Probabilistic data structures / updated Jun 9, 2026

Bloom Filter From Scratch

A small Go implementation of a Bloom filter using a uint64 bitset, pluggable hash functions, FNV defaults, tests, and microbenchmarks.

Question

How small can a useful Bloom filter implementation be while still exposing the core systems tradeoffs: compact memory, no false negatives, possible false positives, and hash-dependent performance?

This lab implements the filter in Go under github.com/SK1PPR/labs/bloom-filter.

What A Bloom Filter Does

A Bloom filter is a probabilistic membership data structure. It answers one question:

Have I probably seen this item before?

It can return:

definitely not present
probably present

It cannot return “definitely present”, because different inputs can set the same bits. That collision behavior is the price paid for compact memory usage.

The basic algorithm is:

Allocate a bit array.
Hash the input with k hash functions.
For Add, set all k bit positions.
For Contains, check all k positions.
If any bit is missing, the item was never added.
If every bit is set, the item may have been added.

Implementation Shape

The implementation stores the bitset as []uint64 instead of []bool, so each machine word stores 64 filter bits:

type BloomFilter struct {
    bitset []uint64
    size   uint64
    hash   []HashFunc
}

Bit access is just word selection plus bit masking:

func (f *BloomFilter) hasBit(pos uint64) bool {
    word := pos / 64
    bit := pos % 64
    return (f.bitset[word] & (1 << bit)) != 0
}

func (f *BloomFilter) setBit(pos uint64) {
    word := pos / 64
    bit := pos % 64
    f.bitset[word] |= 1 << bit
}

The constructor accepts custom hash functions:

type HashFunc func([]byte) uint64

func New(size uint64, hashes ...HashFunc) *BloomFilter {
    words := (size + 63) / 64

    return &BloomFilter{
        bitset: make([]uint64, words),
        size:   size,
        hash:   hashes,
    }
}

The default filter uses FNV-1a and FNV-1:

func NewWithDefaults(size uint64) *BloomFilter {
    return New(size, FNV1a, FNV1)
}

Add And Contains

Add hashes the member and sets the corresponding bit for each hash function:

func (f *BloomFilter) Add(member []byte) {
    for _, hash := range f.hash {
        pos := hash(member) % f.size
        f.setBit(pos)
    }
}

Contains exits early as soon as any required bit is missing:

func (f *BloomFilter) Contains(member []byte) bool {
    for _, hash := range f.hash {
        pos := hash(member) % f.size
        if !f.hasBit(pos) {
            return false
        }
    }

    return true
}

That early return is the key correctness property: if a bit was never set, the item cannot have been added by this filter.

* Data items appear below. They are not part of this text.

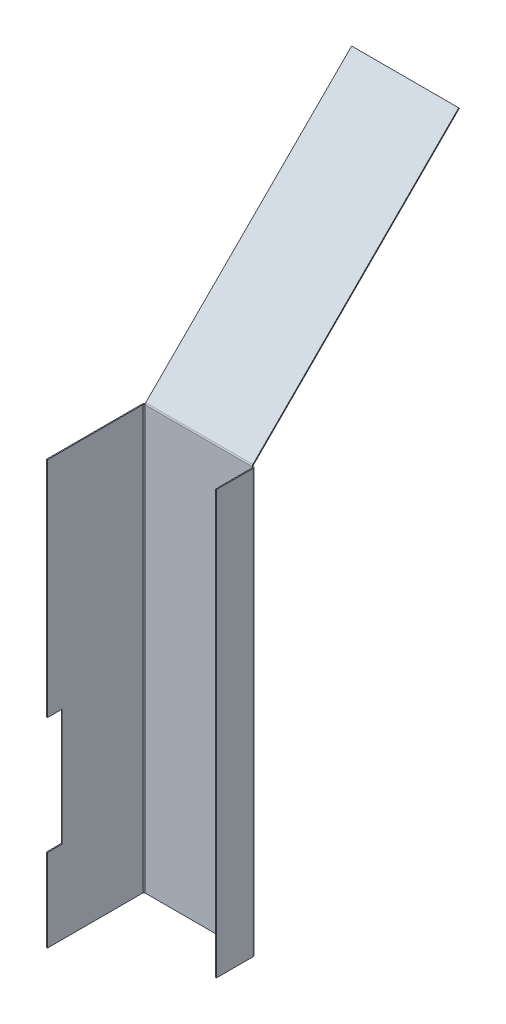
ISO-10303-21;
HEADER;
FILE_DESCRIPTION(('STEP AP214'),'2;1');
FILE_NAME('part.step','',(''),(''),'','','');
FILE_SCHEMA(('AUTOMOTIVE_DESIGN { 1 0 10303 214 1 1 1 1 }'));
ENDSEC;
DATA;
#1=APPLICATION_CONTEXT('core data for automotive mechanical design processes');
#2=APPLICATION_PROTOCOL_DEFINITION('international standard','automotive_design',2000,#1);
#3=PRODUCT_CONTEXT('',#1,'mechanical');
#4=PRODUCT('Part','Part','',(#3));
#5=PRODUCT_RELATED_PRODUCT_CATEGORY('part','',(#4));
#6=PRODUCT_DEFINITION_FORMATION('','',#4);
#7=PRODUCT_DEFINITION_CONTEXT('part definition',#1,'design');
#8=PRODUCT_DEFINITION('design','',#6,#7);
#9=PRODUCT_DEFINITION_SHAPE('','',#8);
#10=(LENGTH_UNIT() NAMED_UNIT(*) SI_UNIT(.MILLI.,.METRE.));
#11=(NAMED_UNIT(*) PLANE_ANGLE_UNIT() SI_UNIT($,.RADIAN.));
#12=(NAMED_UNIT(*) SI_UNIT($,.STERADIAN.) SOLID_ANGLE_UNIT());
#13=UNCERTAINTY_MEASURE_WITH_UNIT(LENGTH_MEASURE(1.E-05),#10,'distance_accuracy_value','');
#14=(GEOMETRIC_REPRESENTATION_CONTEXT(3) GLOBAL_UNCERTAINTY_ASSIGNED_CONTEXT((#13)) GLOBAL_UNIT_ASSIGNED_CONTEXT((#10,
#11,#12)) REPRESENTATION_CONTEXT('',''));
#15=CARTESIAN_POINT('',(0.,0.,0.));
#16=DIRECTION('',(0.,0.,1.));
#17=DIRECTION('',(1.,0.,0.));
#18=AXIS2_PLACEMENT_3D('',#15,#16,#17);
#19=CARTESIAN_POINT('',(-1.37160000000022,275.783864677849,62.865));
#20=DIRECTION('',(0.,0.,-1.));
#21=DIRECTION('',(-1.,0.,0.));
#22=AXIS2_PLACEMENT_3D('',#19,#20,#21);
#23=PLANE('',#22);
#24=DIRECTION('',(0.,1.,0.));
#25=VECTOR('',#24,1.);
#26=CARTESIAN_POINT('',(-1.37160000000022,0.,62.865));
#27=LINE('',#26,#25);
#28=CARTESIAN_POINT('',(-1.37160000000022,130.175,62.865));
#29=VERTEX_POINT('',#28);
#30=CARTESIAN_POINT('',(-1.37160000000022,275.783864677849,62.865));
#31=VERTEX_POINT('',#30);
#32=EDGE_CURVE('E213',#29,#31,#27,.T.);
#33=ORIENTED_EDGE('',*,*,#32,.F.);
#34=DIRECTION('',(-1.,0.,0.));
#35=VECTOR('',#34,1.);
#36=CARTESIAN_POINT('',(71.2226000000001,130.175,62.8650000000003));
#37=LINE('',#36,#35);
#38=CARTESIAN_POINT('',(-0.736600000000217,130.175,62.865));
#39=VERTEX_POINT('',#38);
#40=EDGE_CURVE('E448',#39,#29,#37,.T.);
#41=ORIENTED_EDGE('',*,*,#40,.F.);
#42=DIRECTION('',(0.,-1.,0.));
#43=VECTOR('',#42,1.);
#44=CARTESIAN_POINT('',(-0.736600000000217,275.783864677849,62.865));
#45=LINE('',#44,#43);
#46=CARTESIAN_POINT('',(-0.736600000000217,275.783864677849,62.865));
#47=VERTEX_POINT('',#46);
#48=EDGE_CURVE('E223',#39,#47,#45,.F.);
#49=ORIENTED_EDGE('',*,*,#48,.T.);
#50=DIRECTION('',(1.,0.,0.));
#51=VECTOR('',#50,1.);
#52=CARTESIAN_POINT('',(-1.37160000000022,275.783864677849,62.865));
#53=LINE('',#52,#51);
#54=EDGE_CURVE('E204',#31,#47,#53,.T.);
#55=ORIENTED_EDGE('',*,*,#54,.F.);
#56=EDGE_LOOP('',(#33,#41,#49,#55));
#57=FACE_BOUND('',#56,.T.);
#58=ADVANCED_FACE('F79',(#57),#23,.F.);
#59=CARTESIAN_POINT('',(69.85,276.753732338925,-0.401732338924538));
#60=DIRECTION('',(1.,0.,0.));
#61=DIRECTION('',(0.,0.,-1.));
#62=AXIS2_PLACEMENT_3D('',#59,#60,#61);
#63=PLANE('',#62);
#64=DIRECTION('',(0.,-0.707106781186557,-0.707106781186538));
#65=VECTOR('',#64,1.);
#66=CARTESIAN_POINT('',(69.85,276.753732338925,-0.401732338924538));
#67=LINE('',#66,#65);
#68=CARTESIAN_POINT('',(69.85,276.753732338925,-0.401732338924538));
#69=VERTEX_POINT('',#68);
#70=CARTESIAN_POINT('',(69.85,276.304719532871,-0.850745144977998));
#71=VERTEX_POINT('',#70);
#72=EDGE_CURVE('E13',#69,#71,#67,.T.);
#73=ORIENTED_EDGE('',*,*,#72,.F.);
#74=CARTESIAN_POINT('',(69.85,275.783864677849,-1.3716));
#75=DIRECTION('',(1.,0.,0.));
#76=DIRECTION('',(0.,0.,-1.));
#77=AXIS2_PLACEMENT_3D('',#74,#75,#76);
#78=CIRCLE('',#77,1.3716);
#79=CARTESIAN_POINT('',(69.85,275.783864677849,0.));
#80=VERTEX_POINT('',#79);
#81=EDGE_CURVE('E185',#80,#69,#78,.F.);
#82=ORIENTED_EDGE('',*,*,#81,.F.);
#83=DIRECTION('',(0.,0.,1.));
#84=VECTOR('',#83,1.);
#85=CARTESIAN_POINT('',(69.85,275.783864677849,-0.635000000000001));
#86=LINE('',#85,#84);
#87=CARTESIAN_POINT('',(69.85,275.783864677849,-0.634999999999998));
#88=VERTEX_POINT('',#87);
#89=EDGE_CURVE('E87',#88,#80,#86,.T.);
#90=ORIENTED_EDGE('',*,*,#89,.F.);
#91=CARTESIAN_POINT('',(69.85,275.783864677849,-1.3716));
#92=DIRECTION('',(1.,0.,0.));
#93=DIRECTION('',(0.,0.,-1.));
#94=AXIS2_PLACEMENT_3D('',#91,#92,#93);
#95=CIRCLE('',#94,0.7366);
#96=EDGE_CURVE('E263',#88,#71,#95,.F.);
#97=ORIENTED_EDGE('',*,*,#96,.T.);
#98=EDGE_LOOP('',(#73,#82,#90,#97));
#99=FACE_BOUND('',#98,.T.);
#100=ADVANCED_FACE('F81',(#99),#63,.T.);
#101=CARTESIAN_POINT('',(69.85,275.783864677849,-0.635000000000001));
#102=DIRECTION('',(1.,0.,0.));
#103=DIRECTION('',(0.,0.,-1.));
#104=AXIS2_PLACEMENT_3D('',#101,#102,#103);
#105=PLANE('',#104);
#106=DIRECTION('',(0.,0.707106781186547,-0.707106781186548));
#107=VECTOR('',#106,1.);
#108=CARTESIAN_POINT('',(69.85,276.352,0.));
#109=LINE('',#108,#107);
#110=CARTESIAN_POINT('',(69.85,411.055841816037,-134.703841816037));
#111=VERTEX_POINT('',#110);
#112=EDGE_CURVE('E256',#69,#111,#109,.T.);
#113=ORIENTED_EDGE('',*,*,#112,.F.);
#114=ORIENTED_EDGE('',*,*,#72,.T.);
#115=DIRECTION('',(0.,0.707106781186547,-0.707106781186548));
#116=VECTOR('',#115,1.);
#117=CARTESIAN_POINT('',(69.85,275.902987193947,-0.449012806053457));
#118=LINE('',#117,#116);
#119=CARTESIAN_POINT('',(69.85,410.606829009984,-135.152854622091));
#120=VERTEX_POINT('',#119);
#121=EDGE_CURVE('E132',#71,#120,#118,.T.);
#122=ORIENTED_EDGE('',*,*,#121,.T.);
#123=DIRECTION('',(0.,-0.707106781186569,-0.707106781186526));
#124=VECTOR('',#123,1.);
#125=CARTESIAN_POINT('',(69.85,411.055841816037,-134.703841816037));
#126=LINE('',#125,#124);
#127=EDGE_CURVE('E252',#111,#120,#126,.T.);
#128=ORIENTED_EDGE('',*,*,#127,.F.);
#129=EDGE_LOOP('',(#113,#114,#122,#128));
#130=FACE_BOUND('',#129,.T.);
#131=ADVANCED_FACE('F348',(#130),#105,.T.);
#132=CARTESIAN_POINT('',(0.,275.783864677849,0.));
#133=DIRECTION('',(-1.,0.,0.));
#134=DIRECTION('',(0.,0.,1.));
#135=AXIS2_PLACEMENT_3D('',#132,#133,#134);
#136=PLANE('',#135);
#137=DIRECTION('',(0.,0.,-1.));
#138=VECTOR('',#137,1.);
#139=CARTESIAN_POINT('',(0.,275.783864677849,0.));
#140=LINE('',#139,#138);
#141=CARTESIAN_POINT('',(0.,275.783864677849,0.));
#142=VERTEX_POINT('',#141);
#143=CARTESIAN_POINT('',(0.,275.783864677849,-0.635000000000001));
#144=VERTEX_POINT('',#143);
#145=EDGE_CURVE('E299',#142,#144,#140,.T.);
#146=ORIENTED_EDGE('',*,*,#145,.F.);
#147=CARTESIAN_POINT('',(0.,275.783864677849,-1.3716));
#148=DIRECTION('',(1.,0.,0.));
#149=DIRECTION('',(0.,0.,-1.));
#150=AXIS2_PLACEMENT_3D('',#147,#148,#149);
#151=CIRCLE('',#150,1.3716);
#152=CARTESIAN_POINT('',(0.,276.753732338925,-0.401732338924538));
#153=VERTEX_POINT('',#152);
#154=EDGE_CURVE('E274',#142,#153,#151,.F.);
#155=ORIENTED_EDGE('',*,*,#154,.T.);
#156=DIRECTION('',(0.,0.707106781186557,0.707106781186538));
#157=VECTOR('',#156,1.);
#158=CARTESIAN_POINT('',(0.,276.304719532871,-0.850745144977998));
#159=LINE('',#158,#157);
#160=CARTESIAN_POINT('',(0.,276.304719532871,-0.850745144977998));
#161=VERTEX_POINT('',#160);
#162=EDGE_CURVE('E126',#161,#153,#159,.T.);
#163=ORIENTED_EDGE('',*,*,#162,.F.);
#164=CARTESIAN_POINT('',(0.,275.783864677849,-1.3716));
#165=DIRECTION('',(1.,0.,0.));
#166=DIRECTION('',(0.,0.,-1.));
#167=AXIS2_PLACEMENT_3D('',#164,#165,#166);
#168=CIRCLE('',#167,0.7366);
#169=EDGE_CURVE('E253',#144,#161,#168,.F.);
#170=ORIENTED_EDGE('',*,*,#169,.F.);
#171=EDGE_LOOP('',(#146,#155,#163,#170));
#172=FACE_BOUND('',#171,.T.);
#173=ADVANCED_FACE('F327',(#172),#136,.T.);
#174=CARTESIAN_POINT('',(69.85,275.902987193947,-0.449012806053457));
#175=DIRECTION('',(0.,0.707106781186548,0.707106781186547));
#176=DIRECTION('',(0.,-0.707106781186547,0.707106781186548));
#177=AXIS2_PLACEMENT_3D('',#174,#175,#176);
#178=PLANE('',#177);
#179=DIRECTION('',(0.,0.707106781186547,-0.707106781186548));
#180=VECTOR('',#179,1.);
#181=CARTESIAN_POINT('',(0.,275.902987193947,-0.449012806053457));
#182=LINE('',#181,#180);
#183=CARTESIAN_POINT('',(0.,410.606829009984,-135.152854622091));
#184=VERTEX_POINT('',#183);
#185=EDGE_CURVE('E242',#161,#184,#182,.T.);
#186=ORIENTED_EDGE('',*,*,#185,.T.);
#187=DIRECTION('',(-1.,0.,0.));
#188=VECTOR('',#187,1.);
#189=CARTESIAN_POINT('',(69.85,410.606829009984,-135.152854622091));
#190=LINE('',#189,#188);
#191=EDGE_CURVE('E296',#120,#184,#190,.T.);
#192=ORIENTED_EDGE('',*,*,#191,.F.);
#193=ORIENTED_EDGE('',*,*,#121,.F.);
#194=DIRECTION('',(-1.,0.,0.));
#195=VECTOR('',#194,1.);
#196=CARTESIAN_POINT('',(69.85,276.304719532871,-0.850745144977998));
#197=LINE('',#196,#195);
#198=EDGE_CURVE('E265',#71,#161,#197,.T.);
#199=ORIENTED_EDGE('',*,*,#198,.T.);
#200=EDGE_LOOP('',(#186,#192,#193,#199));
#201=FACE_BOUND('',#200,.T.);
#202=ADVANCED_FACE('F345',(#201),#178,.F.);
#203=CARTESIAN_POINT('',(69.85,411.055841816037,-134.703841816037));
#204=DIRECTION('',(0.,0.707106781186526,-0.70710678118657));
#205=DIRECTION('',(0.,0.707106781186569,0.707106781186526));
#206=AXIS2_PLACEMENT_3D('',#203,#204,#205);
#207=PLANE('',#206);
#208=DIRECTION('',(0.,-0.707106781186569,-0.707106781186526));
#209=VECTOR('',#208,1.);
#210=CARTESIAN_POINT('',(0.,411.055841816037,-134.703841816037));
#211=LINE('',#210,#209);
#212=CARTESIAN_POINT('',(0.,411.055841816037,-134.703841816037));
#213=VERTEX_POINT('',#212);
#214=EDGE_CURVE('E268',#213,#184,#211,.T.);
#215=ORIENTED_EDGE('',*,*,#214,.F.);
#216=DIRECTION('',(-1.,0.,0.));
#217=VECTOR('',#216,1.);
#218=CARTESIAN_POINT('',(69.85,411.055841816037,-134.703841816037));
#219=LINE('',#218,#217);
#220=EDGE_CURVE('E294',#111,#213,#219,.T.);
#221=ORIENTED_EDGE('',*,*,#220,.F.);
#222=ORIENTED_EDGE('',*,*,#127,.T.);
#223=ORIENTED_EDGE('',*,*,#191,.T.);
#224=EDGE_LOOP('',(#215,#221,#222,#223));
#225=FACE_BOUND('',#224,.T.);
#226=ADVANCED_FACE('F347',(#225),#207,.T.);
#227=CARTESIAN_POINT('',(69.85,276.352,0.));
#228=DIRECTION('',(0.,0.707106781186548,0.707106781186547));
#229=DIRECTION('',(0.,-0.707106781186547,0.707106781186548));
#230=AXIS2_PLACEMENT_3D('',#227,#228,#229);
#231=PLANE('',#230);
#232=DIRECTION('',(0.,0.707106781186547,-0.707106781186548));
#233=VECTOR('',#232,1.);
#234=CARTESIAN_POINT('',(0.,276.352,0.));
#235=LINE('',#234,#233);
#236=EDGE_CURVE('E271',#153,#213,#235,.T.);
#237=ORIENTED_EDGE('',*,*,#236,.F.);
#238=DIRECTION('',(-1.,0.,0.));
#239=VECTOR('',#238,1.);
#240=CARTESIAN_POINT('',(69.85,276.753732338925,-0.401732338924538));
#241=LINE('',#240,#239);
#242=EDGE_CURVE('E291',#69,#153,#241,.T.);
#243=ORIENTED_EDGE('',*,*,#242,.F.);
#244=ORIENTED_EDGE('',*,*,#112,.T.);
#245=ORIENTED_EDGE('',*,*,#220,.T.);
#246=EDGE_LOOP('',(#237,#243,#244,#245));
#247=FACE_BOUND('',#246,.T.);
#248=ADVANCED_FACE('F339',(#247),#231,.T.);
#249=CARTESIAN_POINT('',(69.85,275.783864677849,-1.3716));
#250=DIRECTION('',(-1.,0.,0.));
#251=DIRECTION('',(0.,0.,1.));
#252=AXIS2_PLACEMENT_3D('',#249,#250,#251);
#253=CYLINDRICAL_SURFACE('',#252,1.3716);
#254=ORIENTED_EDGE('',*,*,#154,.F.);
#255=DIRECTION('',(-1.,0.,0.));
#256=VECTOR('',#255,1.);
#257=CARTESIAN_POINT('',(69.85,275.783864677849,0.));
#258=LINE('',#257,#256);
#259=EDGE_CURVE('E161',#80,#142,#258,.T.);
#260=ORIENTED_EDGE('',*,*,#259,.F.);
#261=ORIENTED_EDGE('',*,*,#81,.T.);
#262=ORIENTED_EDGE('',*,*,#242,.T.);
#263=EDGE_LOOP('',(#254,#260,#261,#262));
#264=FACE_BOUND('',#263,.T.);
#265=ADVANCED_FACE('F335',(#264),#253,.T.);
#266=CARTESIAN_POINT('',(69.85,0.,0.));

The lab also includes a LayeredFilter, which composes multiple Bloom filters:

type LayeredFilter struct {
    filters []*BloomFilter
}

Adding writes to every layer. Checking requires every layer to contain the item.

This is not a standard replacement for tuning a single filter, but it is useful as an experiment. It makes the cost of composition visible: two layers roughly double the hash and bit-check work.

Performance

Benchmarks were run with:

go test -bench=. -benchmem

The test uses 10,000 generated members and a filter size of 1,000,000 bits.

benchmark	ops/sec	ns/op	note
`BenchmarkAdd`	81,934,820	14.47	two FNV hashes and two bit sets
`BenchmarkContains`	87,818,529	13.63	two FNV hashes and two bit checks
`BenchmarkLayeredAdd`	41,241,247	29.16	two filters, four hashes total
`BenchmarkLayeredContains`	40,858,654	29.16	two filters, four checks total

The layered benchmarks are almost exactly 2x the single-filter cost, which is a good sanity check. There is no hidden machinery here; the cost is dominated by hashing and touching the bitset.

What This Lab Teaches

The interesting part of Bloom filters is not the code size. The implementation is tiny. The interesting part is the parameter tradeoff:

larger bitsets reduce false positives
more hash functions reduce collisions up to a point
too many hash functions increase CPU cost and can saturate the bitset faster
false negatives are not allowed
false positives are the expected compromise

The current implementation is intentionally simple. The next useful experiments would be:

measure false positive rate as inserted member count grows
compare FNV with faster non-cryptographic hashes
derive optimal hash count from expected insertions and target false positive rate
use double hashing instead of running multiple independent hash functions
add a counting Bloom filter variant that supports deletion

Takeaway

A Bloom filter is a nice first lab because it sits at the intersection of bits, hashing, probability, and performance.

The whole data structure is a compact bet: spend a little CPU and a fixed amount of memory to avoid expensive exact lookups most of the time.